» **Work task**: Filter the entries below, keeping only lines with "both".

» **Provided material**:
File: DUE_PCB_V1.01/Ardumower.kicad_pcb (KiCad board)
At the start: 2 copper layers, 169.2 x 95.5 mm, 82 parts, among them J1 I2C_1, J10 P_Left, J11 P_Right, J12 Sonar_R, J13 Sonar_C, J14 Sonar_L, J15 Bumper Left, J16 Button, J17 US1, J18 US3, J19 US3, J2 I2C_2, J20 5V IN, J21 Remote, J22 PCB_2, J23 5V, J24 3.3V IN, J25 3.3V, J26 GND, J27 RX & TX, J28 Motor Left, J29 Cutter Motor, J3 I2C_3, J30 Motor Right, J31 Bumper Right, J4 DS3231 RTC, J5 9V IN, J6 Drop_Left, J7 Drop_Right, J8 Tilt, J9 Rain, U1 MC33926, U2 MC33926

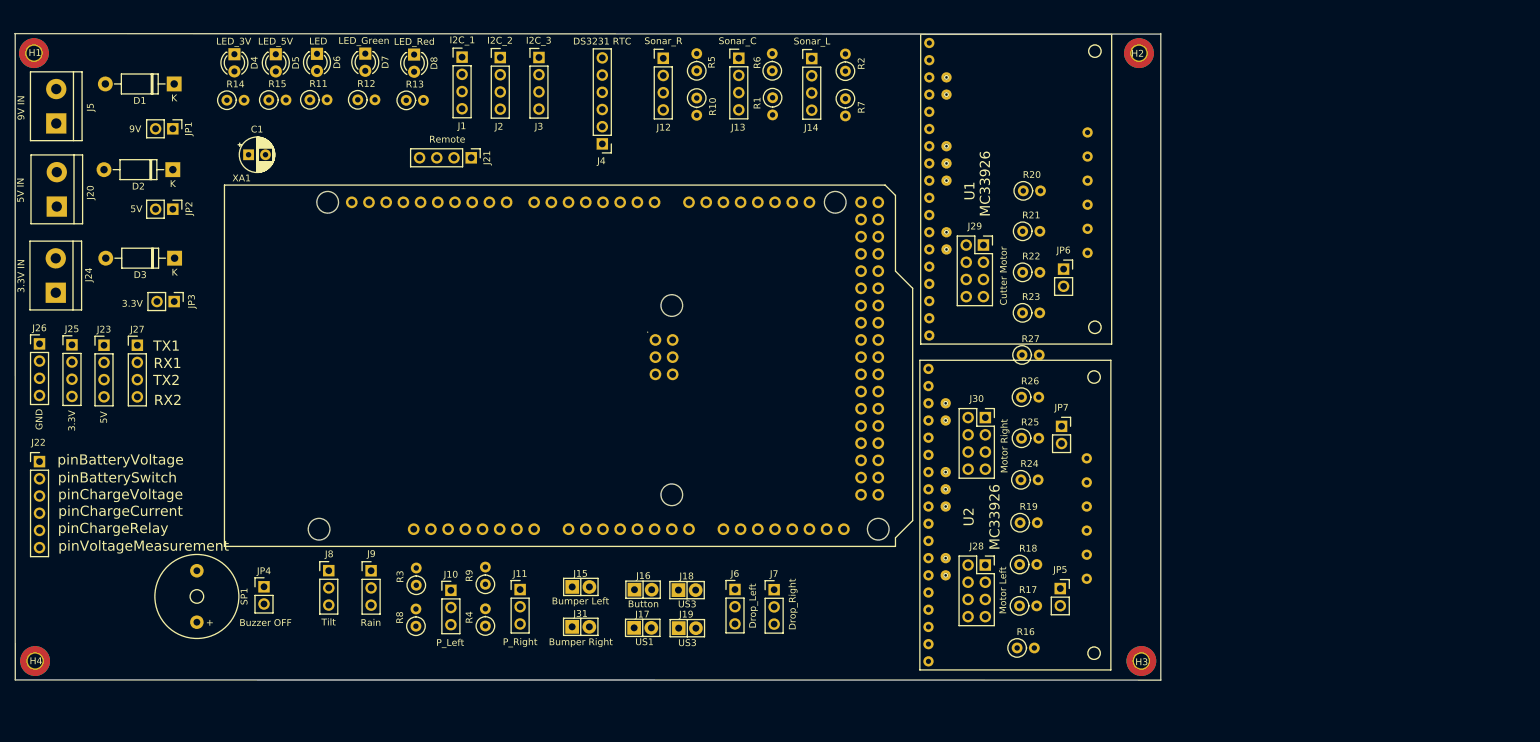
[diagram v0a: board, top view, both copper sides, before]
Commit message: Ad new RX TX Connector and some other improvements
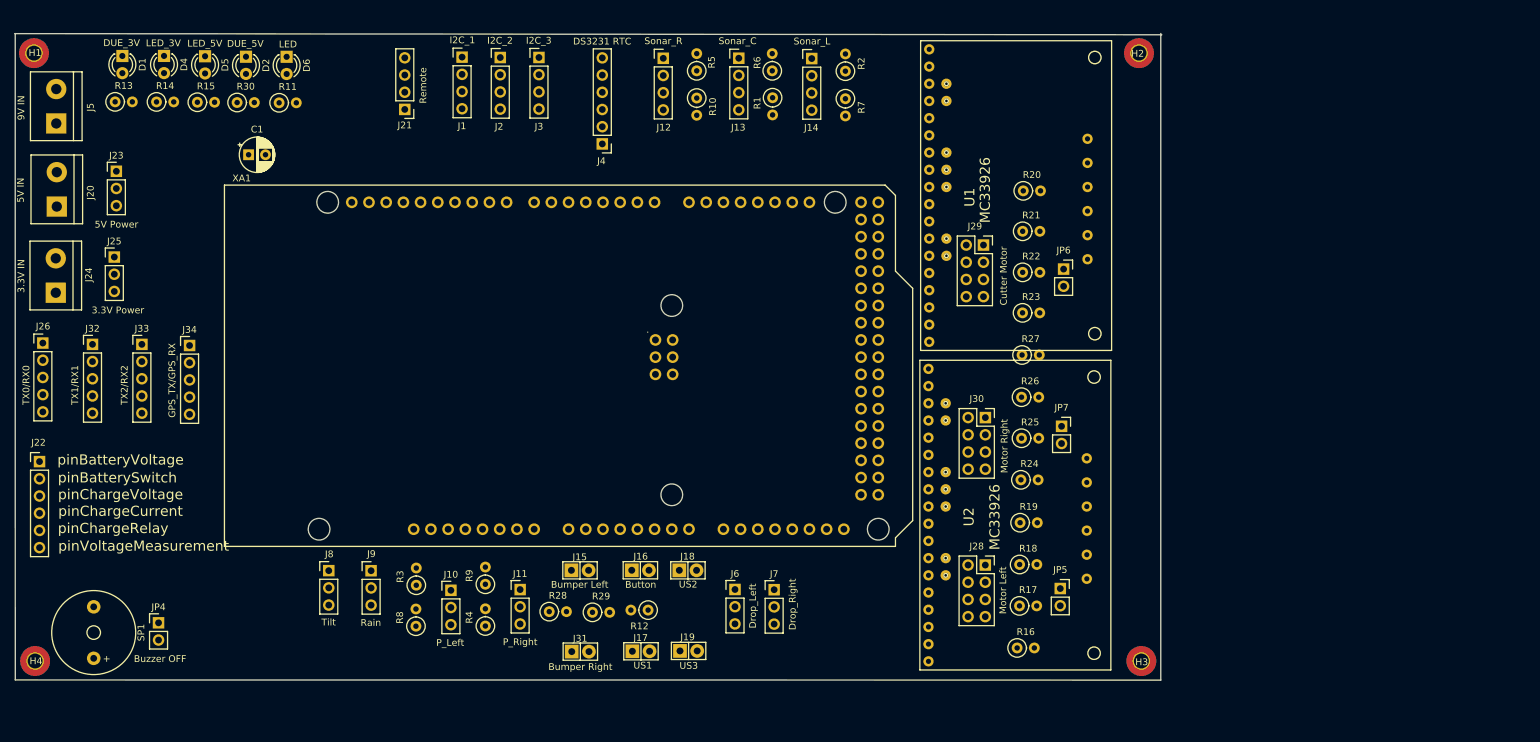
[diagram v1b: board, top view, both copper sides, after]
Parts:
- removed D3: 1N5819, Diode_THT:D_DO-41_SOD81_P10.16mm_Horizontal
- removed D7: LED_Green, LED_THT:LED_D3.0mm
- removed D8: LED_Red, LED_THT:LED_D3.0mm
- removed J27: RX & TX, Connector_PinHeader_2.54mm:PinHeader_1x04_P2.54mm_Vertical
- removed JP1: 9V, Connector_PinHeader_2.54mm:PinHeader_1x02_P2.54mm_Vertical
- removed JP2: 5V, Connector_PinHeader_2.54mm:PinHeader_1x02_P2.54mm_Vertical
- removed JP3: 3.3V, Connector_PinHeader_2.54mm:PinHeader_1x02_P2.54mm_Vertical
- added J32: TX1/RX1, Connector_PinHeader_2.54mm:PinHeader_1x05_P2.54mm_Vertical, F.Cu at (50.6, 81.4)
- added J33: TX2/RX2, Connector_PinHeader_2.54mm:PinHeader_1x05_P2.54mm_Vertical, F.Cu at (57.9, 81.4)
- added J34: GPS_TX/GPS_RX, Connector_PinHeader_2.54mm:PinHeader_1x05_P2.54mm_Vertical, F.Cu at (65.0, 81.5)
- added R28: 10k, Resistor_THT:R_Axial_DIN0207_L6.3mm_D2.5mm_P2.54mm_Vertical, F.Cu at (118.1, 120.8)
- added R29: 10k, Resistor_THT:R_Axial_DIN0207_L6.3mm_D2.5mm_P2.54mm_Vertical, F.Cu at (124.4, 120.9)
- added R30: 220, Resistor_THT:R_Axial_DIN0207_L6.3mm_D2.5mm_P2.54mm_Vertical, F.Cu at (72.0, 45.7)
- D1: value 1N5819 -> DUE_3V; footprint Diode_THT:D_DO-41_SOD81_P10.16mm_Horizontal -> LED_THT:LED_D3.0mm
- D2: value 1N5819 -> DUE_5V; footprint Diode_THT:D_DO-41_SOD81_P10.16mm_Horizontal -> LED_THT:LED_D3.0mm
- J18: value US3 -> US2
- J23: value 5V -> 5V Power; footprint Connector_PinHeader_2.54mm:PinHeader_1x04_P2.54mm_Vertical -> Connector_PinHeader_2.54mm:PinHeader_1x03_P2.54mm_Vertical
- J25: value 3.3V -> 3.3V Power; footprint Connector_PinHeader_2.54mm:PinHeader_1x04_P2.54mm_Vertical -> Connector_PinHeader_2.54mm:PinHeader_1x03_P2.54mm_Vertical
- J26: value GND -> TX0/RX0; footprint Connector_PinHeader_2.54mm:PinHeader_1x04_P2.54mm_Vertical -> Connector_PinHeader_2.54mm:PinHeader_1x05_P2.54mm_Vertical
- R12: value 100 -> 10k
- moved R12 86.7 mm to (132.7, 120.6), turned to 180 degrees
- moved R13 43.0 mm to (54.0, 45.6)
- moved J23 25.7 mm to (54.1, 55.8)
- moved D2 19.9 mm to (73.3, 38.9), turned to 270 degrees
- moved JP4 16.5 mm to (60.4, 122.5)
- moved SP1 16.1 mm to (50.8, 123.9)
- moved J25 14.4 mm to (53.9, 68.5)
- moved J21 12.1 mm to (96.7, 46.7), turned to 180 degrees
- moved R15 10.6 mm to (66.1, 45.6)
- moved D5 10.4 mm to (67.2, 38.9)
- moved D4 10.4 mm to (61.2, 38.8)
- moved R14 10.4 mm to (60.1, 45.6)
- moved D1 8.69 mm to (55.0, 38.8), turned to 270 degrees
- moved R11 4.56 mm to (78.2, 45.7)
- moved D6 4.50 mm to (79.3, 38.9)
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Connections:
- D1 pad 1: Net-(D1-Pad1) -> GND
- D2 pad 1: Net-(D2-Pad1) -> GND
- J1 pad 1: +3.3VA -> +3V3
- J10 pad 1: +5VA -> +5V
- J11 pad 1: +5VA -> +5V
- J12 pad 1: +5VA -> +5V
- J13 pad 1: +5VA -> +5V
- J14 pad 1: +5VA -> +5V
- J2 pad 1: +3.3VA -> +3V3
- J20 pad 2: Net-(D2-Pad2) -> +5VA
- J23 pad 1: +5VA -> DUE_5V
- J23 pad 2: +5VA -> +5V
- J24 pad 2: Net-(D3-Pad2) -> +3.3VA
- J25 pad 1: +3.3VA -> DUE_3.3V
- J25 pad 2: +3.3VA -> +3V3
- J26 pad 1: GND -> +3V3
- J26 pad 3: GND -> RX0
- J26 pad 4: GND -> TX0
- J3 pad 1: +3.3VA -> +3V3
- J4 pad 5: +3.3VA -> +3V3
- J5 pad 2: Net-(D1-Pad2) -> +9V
- J6 pad 1: +3.3VA -> +3V3
- J7 pad 1: +3.3VA -> +3V3
- J8 pad 1: +3.3VA -> +3V3
- J9 pad 1: +3.3VA -> +3V3
- R12 pad 1: pinGreenLED -> pinButton
- R12 pad 2: Net-(D7-Pad2) -> GND
- R13 pad 1: pinRedLED -> Net-(D1-Pad2)
- R13 pad 2: Net-(D8-Pad2) -> DUE_3.3V
- XA1 pad 3V3: (no net) -> DUE_3.3V
- XA1 pad 5V1: (no net) -> DUE_5V
- XA1 pad D0: (no net) -> RX0
- XA1 pad D1: (no net) -> TX0
- XA1 pad D14: (no net) -> GPS_RX
- XA1 pad D15: (no net) -> GPS_TX
- XA1 pad D6: pinGreenLED -> pinFrontMotorLeft
- XA1 pad D7: pinRedLED -> pinFrontMotorLeft
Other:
- board size 169.2 x 95.5 mm -> 169.3 x 95.5 mm
- board text removed: "RX1"
- board text removed: "RX2"
- board text removed: "TX1"
- board text removed: "TX2"

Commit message: Change Connector Type
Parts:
- D1: value DUE_3V -> LED_DUE_3V
- D2: value DUE_5V -> LED_DUE_5V
- J15: footprint Zimprich:Pin_Header_KK110_1x02_3D -> Connector_PinHeader_2.54mm:PinHeader_1x02_P2.54mm_Vertical

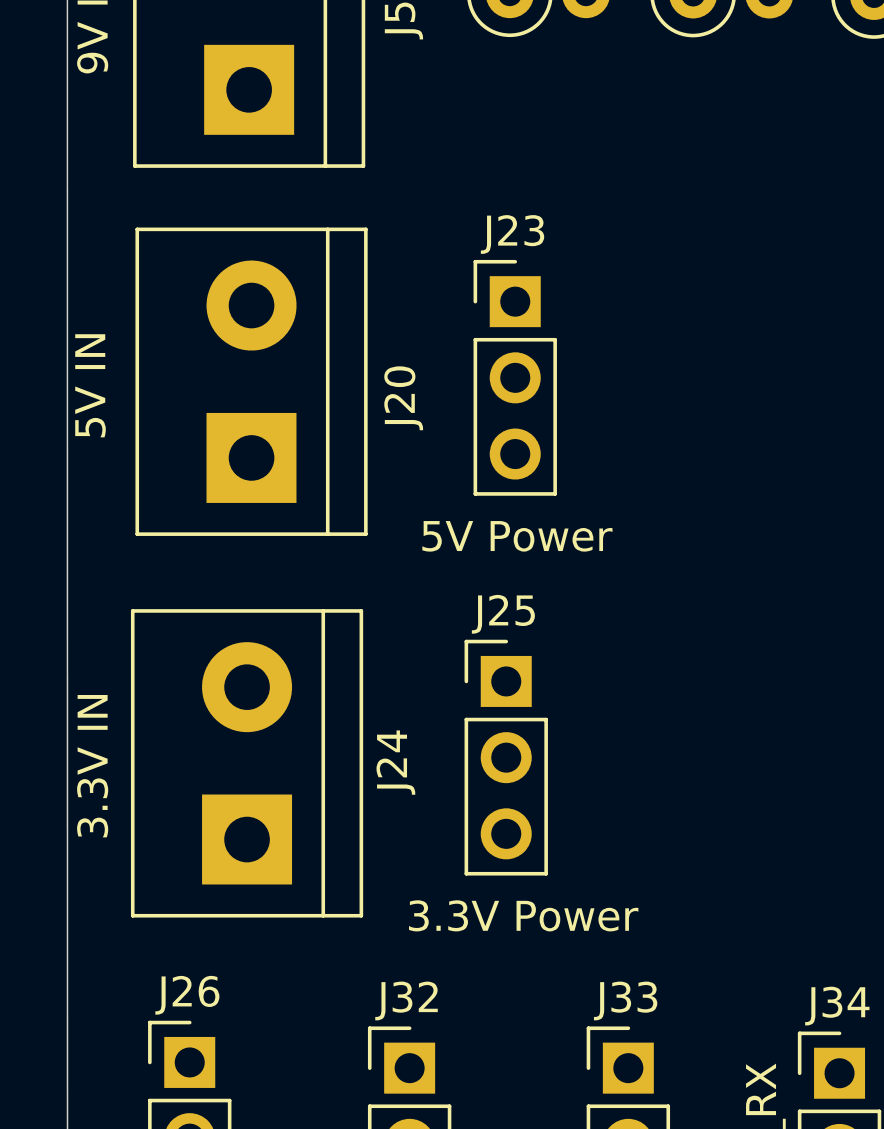
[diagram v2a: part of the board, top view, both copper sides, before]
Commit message: Change Jumper for Power Source
Change Screw Terminal for 5V/3.3V to jumper.
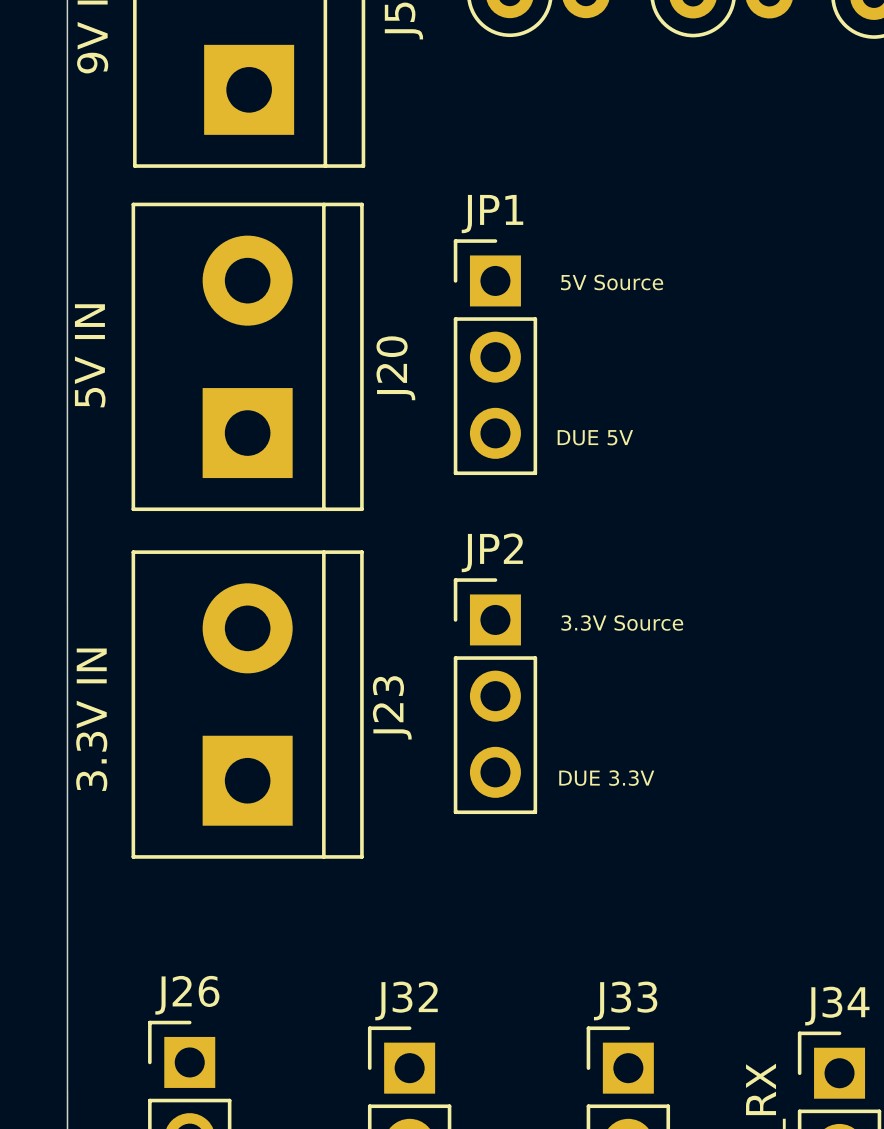
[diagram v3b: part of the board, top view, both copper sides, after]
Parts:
- removed J24: 3.3V IN, TerminalBlock:TerminalBlock_bornier-2_P5.08mm
- removed J25: 3.3V Power, Connector_PinHeader_2.54mm:PinHeader_1x03_P2.54mm_Vertical
- added JP1: Jumper_5V, Connector_PinHeader_2.54mm:PinHeader_1x03_P2.54mm_Vertical, F.Cu at (53.5, 55.1)
- added JP2: Jumper_3.3V, Connector_PinHeader_2.54mm:PinHeader_1x03_P2.54mm_Vertical, F.Cu at (53.5, 66.4)
- J23: value 5V Power -> 3.3V IN; footprint Connector_PinHeader_2.54mm:PinHeader_1x03_P2.54mm_Vertical -> TerminalBlock:TerminalBlock_bornier-2_P5.08mm
- moved J23 18.3 mm to (45.2, 71.8), turned to 90 degrees
- moved J20 0.84 mm to (45.2, 60.2)
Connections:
- J20 pad 2: +5VA -> Net-(J20-Pad2)
- J23 pad 1: DUE_5V -> GND
- J23 pad 2: +5V -> Net-(J23-Pad2)
- R14 pad 2: +3.3VA -> (no net)
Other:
- board text added: "3.3V Source"
- board text added: "5V Source"
- board text added: "DUE 3.3V"
- board text added: "DUE 5V"

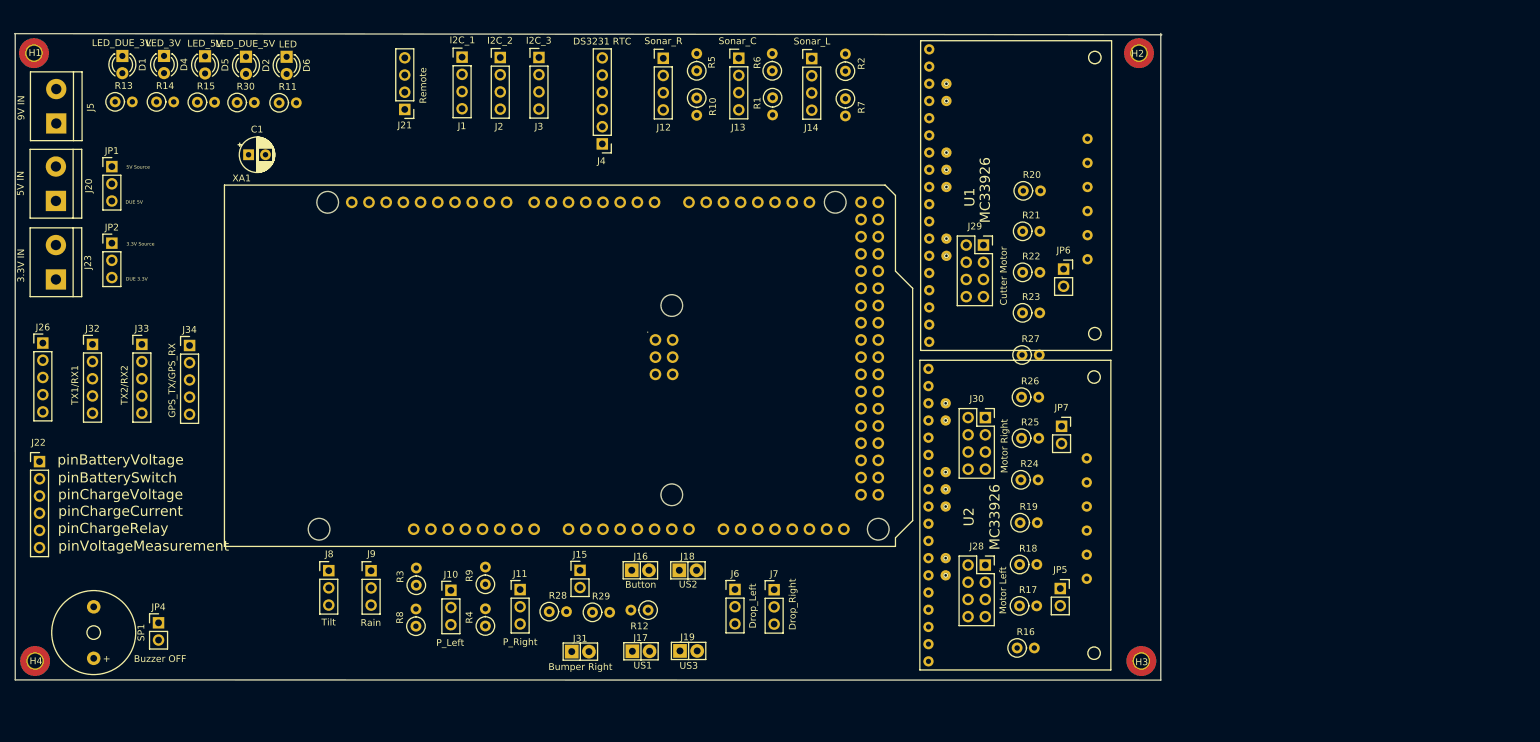
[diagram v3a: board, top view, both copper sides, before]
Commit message: Change LED Power Source
Change the Power Source from the LED_5V and LED_3.3V
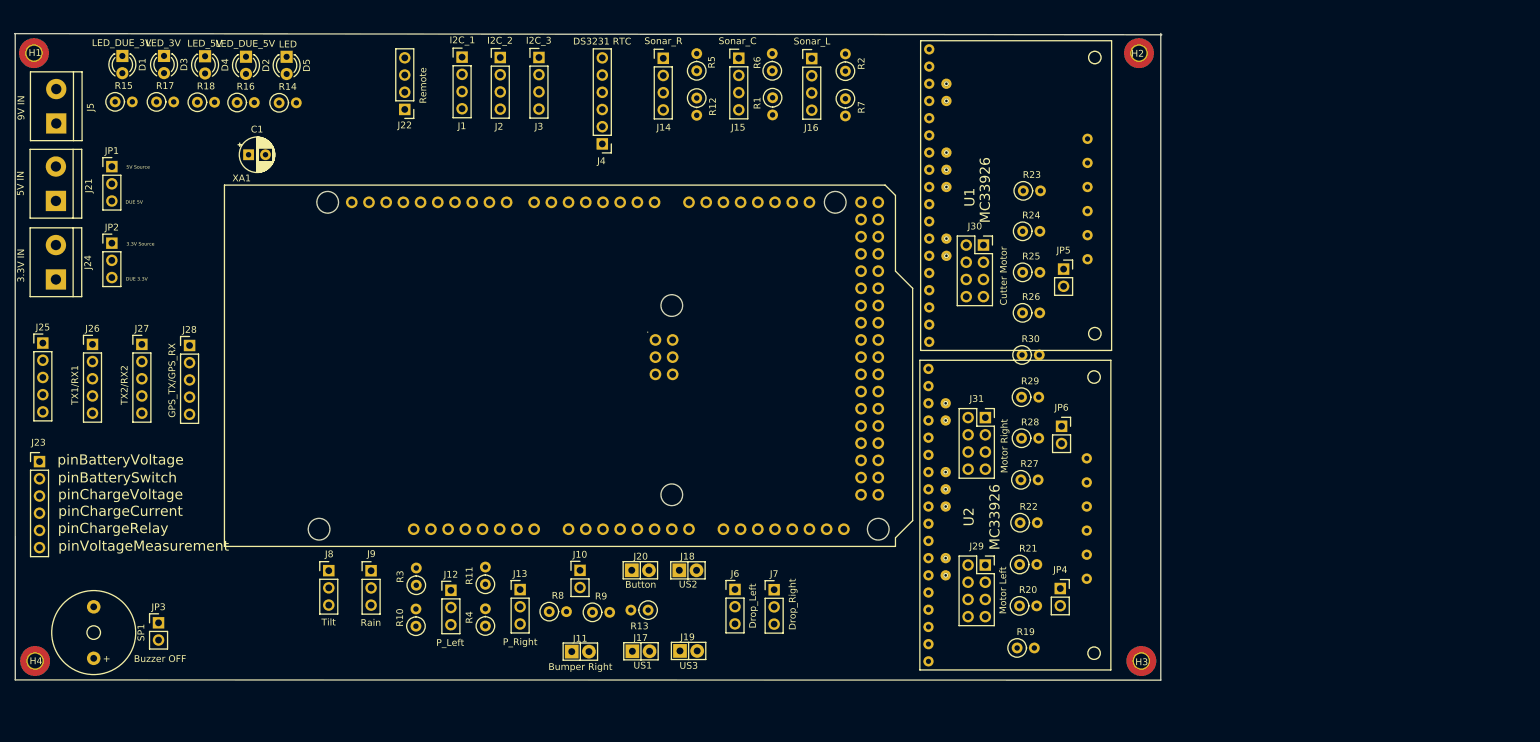
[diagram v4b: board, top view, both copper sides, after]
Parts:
- renumbered D4 to D3, D5 to D4, D6 to D5, J15 to J10, J31 to J11, J10 to J12, J11 to J13, J12 to J14, J13 to J15, J14 to J16, J16 to J20, J20 to J21, J21 to J22, J22 to J23, J23 to J24, J26 to J25, J32 to J26, J33 to J27, J34 to J28, J28 to J29, J29 to J30, J30 to J31, JP4 to JP3, JP5 to JP4, JP6 to JP5, JP7 to JP6, R8 to R10, R9 to R11, R10 to R12, R12 to R13, R11 to R14, R13 to R15, R30 to R16, R14 to R17, R15 to R18, R16 to R19, R17 to R20, R18 to R21, R19 to R22, R20 to R23, R21 to R24, R22 to R25, R23 to R26, R24 to R27, R25 to R28, R26 to R29, R27 to R30, R28 to R8, R29 to R9
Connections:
- R17 pad 2: (no net) -> +3V3
- R18 pad 2: +5VA -> +5V

» **Output of the exercise**:
[diagram v0a: board, top view, both copper sides, before]
[diagram v1b: board, top view, both copper sides, after]
[diagram v2a: part of the board, top view, both copper sides, before]
[diagram v3b: part of the board, top view, both copper sides, after]
[diagram v3a: board, top view, both copper sides, before]
[diagram v4b: board, top view, both copper sides, after]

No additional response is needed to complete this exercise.